Change Theory Explanation
The adoption of Kotter’s 8 Steps as the platform for analyzing and managing the issue can be deemed as a sensible choice since the identified change theory helps not only introduce alterations to a nursing environment but also cement them. The theoretical framework has been in existence for quite a while, warranting its significance for promoting improvements in an organization (George, MacDonnell, Nimmagadda, Murphy, & Dollase, 2015). As its title suggests, the model consists of eight steps that help encourage change and institutionalize it successfully (Neuraz et al., 2015).
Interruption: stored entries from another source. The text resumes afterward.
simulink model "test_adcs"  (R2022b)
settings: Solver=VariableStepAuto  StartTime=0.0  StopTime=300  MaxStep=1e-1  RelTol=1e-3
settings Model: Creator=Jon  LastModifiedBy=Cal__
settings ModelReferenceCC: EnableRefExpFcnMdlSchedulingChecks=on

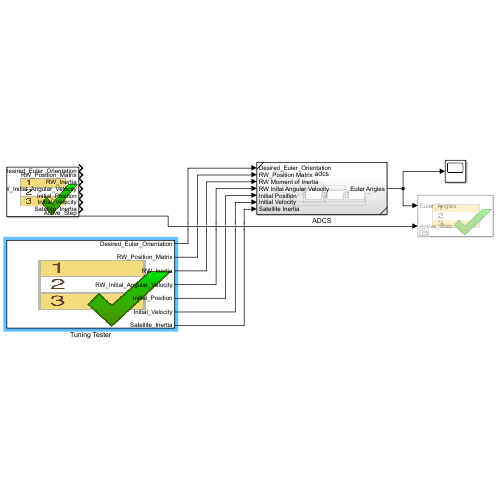
[thumbnail: Simulink's stored preview of the top-level diagram]
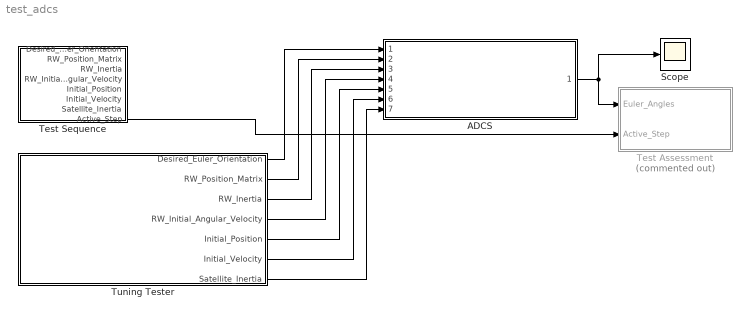
== system test_adcs ==
  ADCS : Subsystem  ReferencedSubsystem=adcs
  Scope : Scope
  Test Assessment : Test Sequence  Commented=on  TreatAsAtomicUnit=on
  Test Sequence : Test Sequence  TreatAsAtomicUnit=on
  Tuning Tester : Test Sequence  TreatAsAtomicUnit=on
  wires:
  Test Sequence/8(Active_Step) -> Test Assessment/2(Active_Step)
  ADCS/1 -> Scope/1, Test Assessment/1(Euler_Angles)
  Tuning Tester/1(Desired_Euler_Orientation) -> ADCS/1
  Tuning Tester/2(RW_Position_Matrix) -> ADCS/2
  Tuning Tester/3(RW_Inertia) -> ADCS/3
  Tuning Tester/4(RW_Initial_Angular_Velocity) -> ADCS/4
  Tuning Tester/5(Initial_Position) -> ADCS/5
  Tuning Tester/6(Initial_Velocity) -> ADCS/6
  Tuning Tester/7(Satellite_Inertia) -> ADCS/7

== stateflow chart test_adcs/Tuning Tester ==
  state Initialization
    RW_Inertia = 1e-7*92.5;
    RW_Position_Matrix = 1/sqrt(3)*[[1;1;-1],[1;-1;-1],[-1;-1;-1],[-1;1;-1]];
    Satellite_Inertia = 1e-9*[[20354701.41; 49833.89; 217681.32], [49833.89; 19938122.72; -75880.37], [217681.32; -75880.37; 5350609.8]];
    settings: description=Initialize test parameters
  state Test_Tuning
    RW_Initial_Angular_Velocity = [100; 0; 0; 0];
    Initial_Position = [0.5; 0.5; 0.5];
    Initial_Velocity = [0; 0; 0];
    Desired_Euler_Orientation = [0; 0; 0];
    settings: description=Test tuning
  (default) -> Initialization
  Initialization -> Test_Tuning : [
      | true
      | ]
  data: Desired_Euler_Orientation output; RW_Position_Matrix output; RW_Inertia output; RW_Initial_Angular_Velocity output; Initial_Position output; Initial_Velocity output; Satellite_Inertia output

== stateflow chart test_adcs/Test Assessment ==
  state Assessments
    state Verify_Zero
      verify(all(Euler_Angles == [0; 0; 0]))
    state Verify_Initial_Vel
      verify(all(Euler_Angles < 5e-3)) % 0.005 rad = 0.3 deg, requirement is 0.5 deg
    state Verify_Desired_Pos
      verify(all(Euler_Angles - [pi/2; pi/4; pi/6] < 5e-3))
    state Else
    (default) -> (junction 85)
    (junction 55) -> Verify_Zero [order 1] : [~in(Assessments.Verify_Zero)]
    (junction 85) -> (junction 55) [order 1] : [Active_Step == Active_Step_Enum.Test_Zero
        | ]
    (junction 55) -> (junction 58) [order 2]
    Assessments -> (junction 85)
    (junction 85) -> (junction 76) [order 2]
    (junction 76) -> (junction 77) [order 1] : [t > 60 && Active_Step == Active_Step_Enum.Test_Initial_Vel
        | ]
    (junction 77) -> Verify_Initial_Vel [order 1] : [~in(Assessments.Verify_Initial_Vel)]
    (junction 76) -> (junction 105) [order 2]
    (junction 77) -> (junction 80) [order 2]
    (junction 105) -> (junction 106) [order 1] : [t > 210 && Active_Step == Active_Step_Enum.Test_Desired_Pos
        | ]
    (junction 106) -> Verify_Desired_Pos [order 1] : [~in(Assessments.Verify_Desired_Pos)]
    (junction 105) -> (junction 96) [order 2]
    (junction 106) -> (junction 109) [order 2]
    (junction 96) -> (junction 97)
    (junction 97) -> Else [order 1] : [~in(Assessments.Else)]
    (junction 97) -> (junction 100) [order 2]
  (default) -> Assessments
  data: Euler_Angles input; Active_Step input

== stateflow chart test_adcs/Test Sequence ==
  state Initialization
    RW_Inertia = 1e-7*92.5;
    RW_Position_Matrix = 1/sqrt(3)*[[1;1;-1],[1;-1;-1],[-1;-1;-1],[-1;1;-1]];
    Satellite_Inertia = 1e-9*[[20354701.41; 49833.89; 217681.32], [49833.89; 19938122.72; -75880.37], [217681.32; -75880.37; 5350609.8]];
    settings: description=Initialize test parameters
  state Test_Zero
    Desired_Euler_Orientation = [0; 0; 0];
    Initial_Position = [0; 0; 0];
    RW_Initial_Angular_Velocity = [0; 0; 0; 0];
    Initial_Position = [0; 0; 0];
    Initial_Velocity = [0; 0; 0];
    settings: description=Test no movement
  state Test_Initial_Vel
    Initial_Velocity = [0; pi/4; 0];
    settings: description=Test cancelling initial velocity
  state Test_Desired_Pos
    Desired_Euler_Orientation = [pi/2; pi/4; pi/6];
    settings: description=Test giving desired orientation
  (default) -> Initialization
  Initialization -> Test_Zero : [
      | true
      | ]
  Test_Zero -> Test_Initial_Vel : [
      | after(1, sec)
      | ]
  Test_Initial_Vel -> Test_Desired_Pos : [
      | after(90, sec)
      | ]
  data: Desired_Euler_Orientation output; RW_Position_Matrix output; RW_Inertia output; RW_Initial_Angular_Velocity output; Initial_Position output; Initial_Velocity output; Satellite_Inertia output; Active_Step output Enum: Active_Step_Enum

Thus, it is expected that Kotter’s Model will help address the issue of high NPR.
The Goodness-of-Fit Model shows that Kotter’s 8-Step framework is quite valid as a means of encouraging change in the context of a nursing setting (Aiken et al., 2014). According to a recent report, the Goodness of Fit of Kotter’s 8 Steps helps introduce every factor leading to successful change into the realm of a hospital, including employee management, leadership, timing and development, reward and recognition, culture, politics, and information systems (Karnouskos, 2015). The report points to the fact that, in the default model, the Goodness of Fit reaches 0.817, which is a rather impressive result indicating that the framework must be applied to encourage change.
Analysis and Commentary
When considering the effects of high NPR on the overall state of healthcare in the U.S., one must mention that the identified phenomenon has caused a significant decrease in the overall quality of care and the probability of a positive patient outcome. Furthermore, the high NPR has contributed to an increase in the levels of mortality among patients. The identified effects require a thorough analysis and the creation of the tool that will lead to successful change.
In addition, the existing NPR affects the quality of care significantly. Causing a sharp drop in service efficacy, it creates the environment in which recovery takes more time. Furthermore, the threat of medical errors rises in the specified setting. Being exhausted by the number of responsibilities and the amount of information that they have to process, nurses are likely to make mistakes that will ultimately lead to a drop in the quality of care. A change in the approach toward managing human resources in a healthcare setting will help resolve the problem.
References
Aiken, L. H., Sloane, D. M., Bruyneel, L., Van den Heede, K., Griffiths, P., Busse, R.,… McHugh, M. D. (2014). Nurse staffing and education and hospital mortality in nine European countries: A retrospective observational study. The Lancet, 383(9931), 1824-1830.
George, P., MacDonnell, C., Nimmagadda, J., Murphy, J., & Dollase, R. (2015). Designing interprofessional education curriculum using multiple conceptual frameworks. Annals of Behavioral Science and Medical Education, 21(1), 9-13
Hayes, B., Douglas, C., & Bonner, A. (2015). Work environment, job satisfaction, stress and burnout among haemodialysis nurses. Journal of Nursing Management, 23(5), 588-598.
Karnouskos, S. (2015). Effective change management in modern enterprises. Stockholm, Sweden: Linnaeus University Print.
Neuraz, A., Guérin, C., Payet, C., Polazzi, S., Aubrun, F., Dailler, F.,… Schott, A. M. (2015). Patient mortality is associated with staff resources and workload in the ICU: A multicenter observational study. Critical Care Medicine, 43(8), 1587-1594.
Twigg, D. E., Gelder, L., & Myers, H. (2015). The impact of understaffed shifts on nurse‐sensitive outcomes. Journal of Advanced Nursing, 71(7), 1564-1572.